■ Assignment:
The required answer is a copy of each line in the entries below that includes "linetype".

(Dataset excerpts)

☆ ☆ ☆ ☆ ☆ ☆ ☆

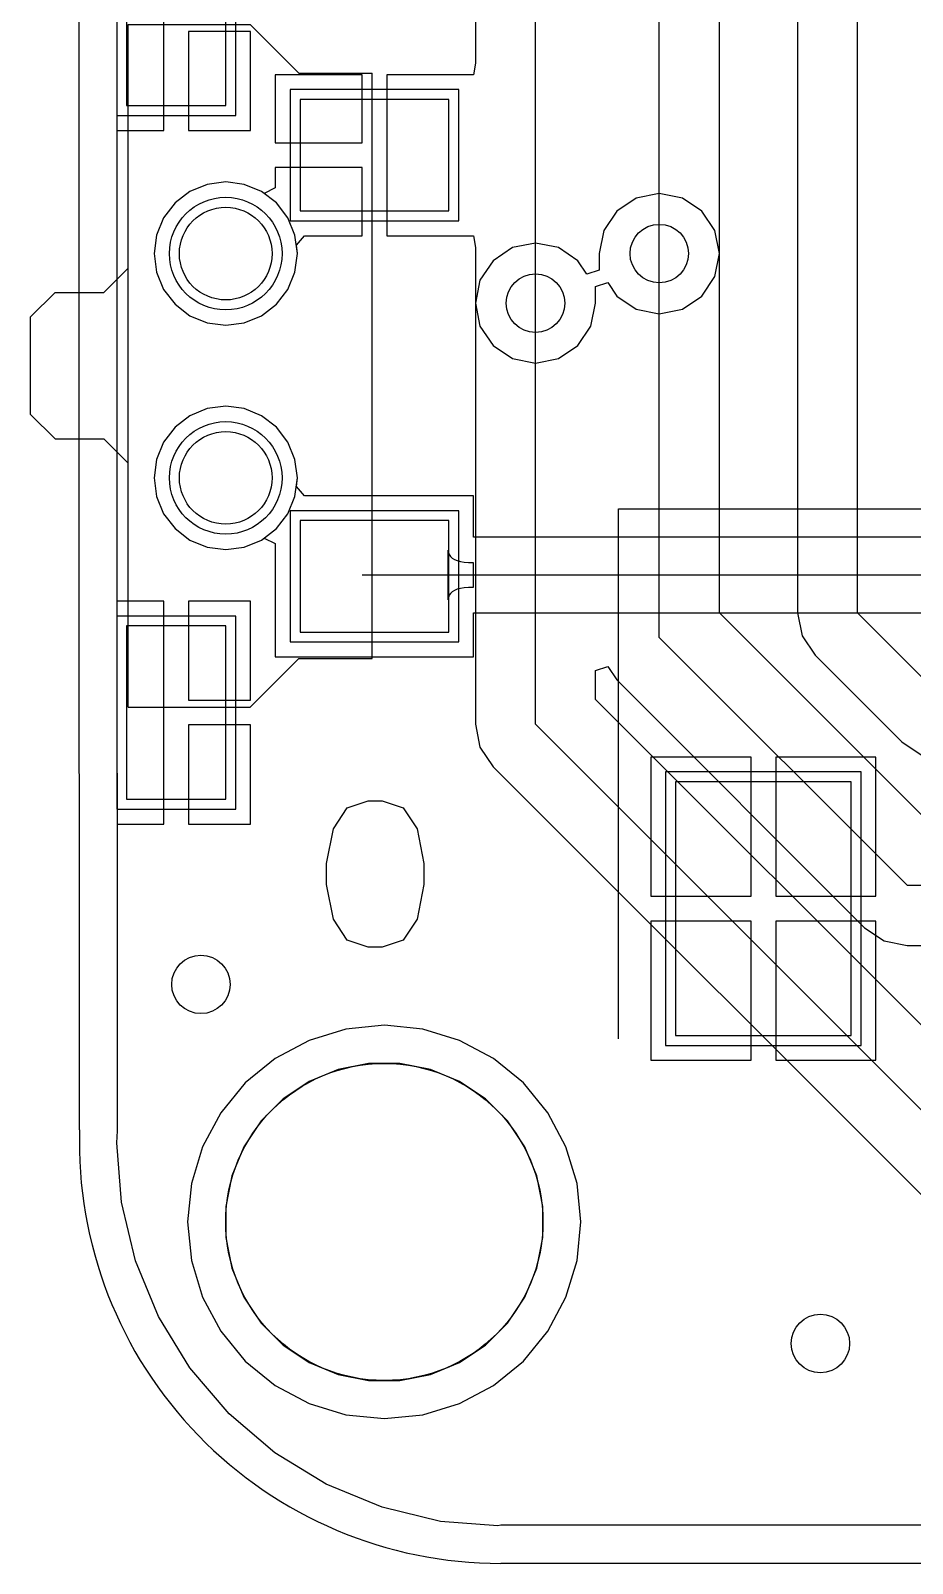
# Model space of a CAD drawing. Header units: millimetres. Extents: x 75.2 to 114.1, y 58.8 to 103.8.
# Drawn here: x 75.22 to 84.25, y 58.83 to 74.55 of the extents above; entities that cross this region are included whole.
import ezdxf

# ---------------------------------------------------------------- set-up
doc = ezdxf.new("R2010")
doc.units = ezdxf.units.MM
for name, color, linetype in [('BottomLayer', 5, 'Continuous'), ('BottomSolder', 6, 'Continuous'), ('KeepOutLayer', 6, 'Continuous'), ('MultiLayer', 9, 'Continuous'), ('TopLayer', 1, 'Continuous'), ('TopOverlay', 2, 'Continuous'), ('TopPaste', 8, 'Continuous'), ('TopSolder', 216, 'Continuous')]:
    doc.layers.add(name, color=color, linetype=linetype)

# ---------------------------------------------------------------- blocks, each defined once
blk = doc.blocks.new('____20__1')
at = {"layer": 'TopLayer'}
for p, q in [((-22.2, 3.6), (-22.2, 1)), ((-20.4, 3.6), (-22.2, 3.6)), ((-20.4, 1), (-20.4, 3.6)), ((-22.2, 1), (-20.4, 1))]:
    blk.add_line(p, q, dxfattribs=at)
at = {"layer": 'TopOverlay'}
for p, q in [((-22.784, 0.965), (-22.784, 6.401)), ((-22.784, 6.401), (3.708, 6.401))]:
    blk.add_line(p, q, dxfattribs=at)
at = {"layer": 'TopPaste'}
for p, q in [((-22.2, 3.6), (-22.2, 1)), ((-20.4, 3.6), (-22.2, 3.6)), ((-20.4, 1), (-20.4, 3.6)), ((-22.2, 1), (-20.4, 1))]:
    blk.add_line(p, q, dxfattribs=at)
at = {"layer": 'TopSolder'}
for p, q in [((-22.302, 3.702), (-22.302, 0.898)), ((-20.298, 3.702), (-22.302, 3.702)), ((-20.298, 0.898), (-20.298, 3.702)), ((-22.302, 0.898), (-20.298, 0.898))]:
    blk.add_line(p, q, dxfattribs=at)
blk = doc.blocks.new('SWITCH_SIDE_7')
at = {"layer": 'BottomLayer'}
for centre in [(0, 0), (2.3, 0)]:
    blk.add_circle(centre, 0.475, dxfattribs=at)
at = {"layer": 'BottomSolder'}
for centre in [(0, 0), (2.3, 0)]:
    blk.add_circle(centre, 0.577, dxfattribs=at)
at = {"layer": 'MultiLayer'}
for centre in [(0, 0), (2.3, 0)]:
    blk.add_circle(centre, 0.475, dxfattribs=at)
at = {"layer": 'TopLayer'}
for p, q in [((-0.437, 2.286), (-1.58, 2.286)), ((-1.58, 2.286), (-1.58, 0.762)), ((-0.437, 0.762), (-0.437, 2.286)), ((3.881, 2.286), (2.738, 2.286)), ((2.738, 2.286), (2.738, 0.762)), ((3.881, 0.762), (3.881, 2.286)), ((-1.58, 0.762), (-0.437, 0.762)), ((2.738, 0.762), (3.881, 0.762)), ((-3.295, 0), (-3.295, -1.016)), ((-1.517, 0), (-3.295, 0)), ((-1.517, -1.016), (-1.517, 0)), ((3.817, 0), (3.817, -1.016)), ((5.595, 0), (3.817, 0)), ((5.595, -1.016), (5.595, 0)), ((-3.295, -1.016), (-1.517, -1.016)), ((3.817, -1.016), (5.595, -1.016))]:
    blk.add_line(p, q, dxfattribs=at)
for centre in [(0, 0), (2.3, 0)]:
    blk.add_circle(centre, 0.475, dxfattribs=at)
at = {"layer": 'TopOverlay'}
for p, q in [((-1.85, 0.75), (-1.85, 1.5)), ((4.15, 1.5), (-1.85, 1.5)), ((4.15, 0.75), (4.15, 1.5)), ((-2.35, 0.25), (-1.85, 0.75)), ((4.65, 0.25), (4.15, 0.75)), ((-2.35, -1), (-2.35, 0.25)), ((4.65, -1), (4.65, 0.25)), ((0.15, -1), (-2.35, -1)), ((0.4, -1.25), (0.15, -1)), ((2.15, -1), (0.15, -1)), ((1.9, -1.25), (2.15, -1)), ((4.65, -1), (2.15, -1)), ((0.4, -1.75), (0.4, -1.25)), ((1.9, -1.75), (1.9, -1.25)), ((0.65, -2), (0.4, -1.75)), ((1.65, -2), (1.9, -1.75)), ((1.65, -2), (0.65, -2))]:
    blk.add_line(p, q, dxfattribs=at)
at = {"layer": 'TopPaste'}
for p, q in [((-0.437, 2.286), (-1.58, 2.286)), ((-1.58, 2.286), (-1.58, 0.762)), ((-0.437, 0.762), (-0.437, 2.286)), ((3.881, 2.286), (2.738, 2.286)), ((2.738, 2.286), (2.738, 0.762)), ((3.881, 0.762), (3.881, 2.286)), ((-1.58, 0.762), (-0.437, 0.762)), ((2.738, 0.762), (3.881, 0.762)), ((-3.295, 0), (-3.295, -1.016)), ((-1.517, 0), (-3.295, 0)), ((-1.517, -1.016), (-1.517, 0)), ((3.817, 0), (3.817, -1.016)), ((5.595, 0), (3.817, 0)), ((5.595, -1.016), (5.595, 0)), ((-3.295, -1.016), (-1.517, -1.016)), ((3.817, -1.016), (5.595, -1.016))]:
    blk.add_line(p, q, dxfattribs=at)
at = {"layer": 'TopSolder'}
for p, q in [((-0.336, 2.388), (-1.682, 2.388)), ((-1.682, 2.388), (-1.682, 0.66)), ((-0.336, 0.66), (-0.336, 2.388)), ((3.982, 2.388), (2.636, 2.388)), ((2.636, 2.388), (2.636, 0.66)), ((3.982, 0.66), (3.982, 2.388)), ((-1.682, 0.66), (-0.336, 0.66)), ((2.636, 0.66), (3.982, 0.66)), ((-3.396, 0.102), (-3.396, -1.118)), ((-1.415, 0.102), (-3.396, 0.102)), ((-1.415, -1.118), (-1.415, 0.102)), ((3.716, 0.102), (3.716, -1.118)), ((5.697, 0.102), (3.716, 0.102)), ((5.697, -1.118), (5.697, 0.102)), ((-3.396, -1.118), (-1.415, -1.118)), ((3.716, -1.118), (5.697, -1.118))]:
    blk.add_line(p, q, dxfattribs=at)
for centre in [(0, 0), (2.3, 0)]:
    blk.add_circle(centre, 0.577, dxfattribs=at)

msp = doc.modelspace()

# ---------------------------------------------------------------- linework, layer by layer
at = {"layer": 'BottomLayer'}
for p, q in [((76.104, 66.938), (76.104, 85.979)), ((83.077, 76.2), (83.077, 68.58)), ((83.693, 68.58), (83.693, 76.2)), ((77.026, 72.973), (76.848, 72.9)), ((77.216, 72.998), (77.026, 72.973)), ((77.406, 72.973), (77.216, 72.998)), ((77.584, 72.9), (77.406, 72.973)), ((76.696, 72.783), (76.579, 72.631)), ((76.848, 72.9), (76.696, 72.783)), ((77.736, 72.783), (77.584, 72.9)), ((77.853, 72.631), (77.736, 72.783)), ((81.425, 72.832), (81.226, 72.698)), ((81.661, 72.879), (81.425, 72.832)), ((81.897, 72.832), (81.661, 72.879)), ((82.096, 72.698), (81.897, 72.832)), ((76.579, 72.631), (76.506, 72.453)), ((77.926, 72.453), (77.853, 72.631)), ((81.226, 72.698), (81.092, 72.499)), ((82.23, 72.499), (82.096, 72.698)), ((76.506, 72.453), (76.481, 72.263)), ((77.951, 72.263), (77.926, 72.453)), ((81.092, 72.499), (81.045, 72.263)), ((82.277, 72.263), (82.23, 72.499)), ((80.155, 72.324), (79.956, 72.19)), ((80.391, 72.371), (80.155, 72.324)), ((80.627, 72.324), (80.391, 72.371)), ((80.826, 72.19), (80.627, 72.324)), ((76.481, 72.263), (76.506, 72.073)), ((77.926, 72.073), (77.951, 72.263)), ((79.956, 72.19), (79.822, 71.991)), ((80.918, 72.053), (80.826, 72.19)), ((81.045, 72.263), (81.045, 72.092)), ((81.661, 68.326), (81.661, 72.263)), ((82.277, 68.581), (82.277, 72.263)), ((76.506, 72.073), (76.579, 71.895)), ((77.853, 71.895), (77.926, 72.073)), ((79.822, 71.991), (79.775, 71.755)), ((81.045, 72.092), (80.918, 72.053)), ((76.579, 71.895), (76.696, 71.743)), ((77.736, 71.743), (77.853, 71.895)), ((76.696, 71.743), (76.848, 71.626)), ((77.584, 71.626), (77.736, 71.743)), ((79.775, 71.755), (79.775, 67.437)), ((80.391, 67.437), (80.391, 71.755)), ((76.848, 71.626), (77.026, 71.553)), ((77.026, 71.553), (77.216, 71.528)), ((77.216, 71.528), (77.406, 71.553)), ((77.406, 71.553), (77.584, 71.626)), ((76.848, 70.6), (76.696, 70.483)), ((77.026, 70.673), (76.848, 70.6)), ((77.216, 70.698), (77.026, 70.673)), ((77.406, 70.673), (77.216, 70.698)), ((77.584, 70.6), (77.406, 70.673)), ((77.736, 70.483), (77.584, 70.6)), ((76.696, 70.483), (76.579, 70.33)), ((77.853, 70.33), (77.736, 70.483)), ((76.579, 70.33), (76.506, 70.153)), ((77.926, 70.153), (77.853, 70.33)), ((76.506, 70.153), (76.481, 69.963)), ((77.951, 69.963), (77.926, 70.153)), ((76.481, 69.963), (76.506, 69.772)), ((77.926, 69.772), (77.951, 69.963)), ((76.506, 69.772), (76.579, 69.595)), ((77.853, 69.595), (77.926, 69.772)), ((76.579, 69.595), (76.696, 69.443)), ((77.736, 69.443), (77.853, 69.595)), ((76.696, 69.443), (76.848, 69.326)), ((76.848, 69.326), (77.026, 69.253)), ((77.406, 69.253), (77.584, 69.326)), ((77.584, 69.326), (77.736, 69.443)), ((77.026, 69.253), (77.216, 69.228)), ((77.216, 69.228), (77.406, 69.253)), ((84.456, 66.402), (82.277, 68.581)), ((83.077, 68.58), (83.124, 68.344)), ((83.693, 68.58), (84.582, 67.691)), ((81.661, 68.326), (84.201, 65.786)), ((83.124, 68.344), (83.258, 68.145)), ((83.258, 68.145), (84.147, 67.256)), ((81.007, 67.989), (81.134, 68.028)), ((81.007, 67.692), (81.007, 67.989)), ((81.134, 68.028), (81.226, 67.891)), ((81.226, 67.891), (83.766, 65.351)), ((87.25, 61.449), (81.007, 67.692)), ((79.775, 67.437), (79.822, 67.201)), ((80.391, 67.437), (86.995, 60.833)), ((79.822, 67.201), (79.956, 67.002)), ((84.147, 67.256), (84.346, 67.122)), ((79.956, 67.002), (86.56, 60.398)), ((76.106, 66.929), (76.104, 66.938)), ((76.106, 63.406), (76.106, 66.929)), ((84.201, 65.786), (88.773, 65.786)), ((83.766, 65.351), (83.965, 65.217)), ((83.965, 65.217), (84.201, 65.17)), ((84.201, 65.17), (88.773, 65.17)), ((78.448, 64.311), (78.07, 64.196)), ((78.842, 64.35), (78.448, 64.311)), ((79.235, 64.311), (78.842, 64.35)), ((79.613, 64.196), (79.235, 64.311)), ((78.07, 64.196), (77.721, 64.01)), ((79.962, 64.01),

☆ ☆ ☆ ☆ ☆ ☆ ☆

■ Solution to the problem:
for name, color, linetype in [('BottomLayer', 5, 'Continuous'), ('BottomSolder', 6, 'Continuous'), ('KeepOutLayer', 6, 'Continuous'), ('MultiLayer', 9, 'Continuous'), ('TopLayer', 1, 'Continuous'), ('TopOverlay', 2, 'Continuous'), ('TopPaste', 8, 'Continuous'), ('TopSolder', 216, 'Continuous')]:
    doc.layers.add(name, color=color, linetype=linetype)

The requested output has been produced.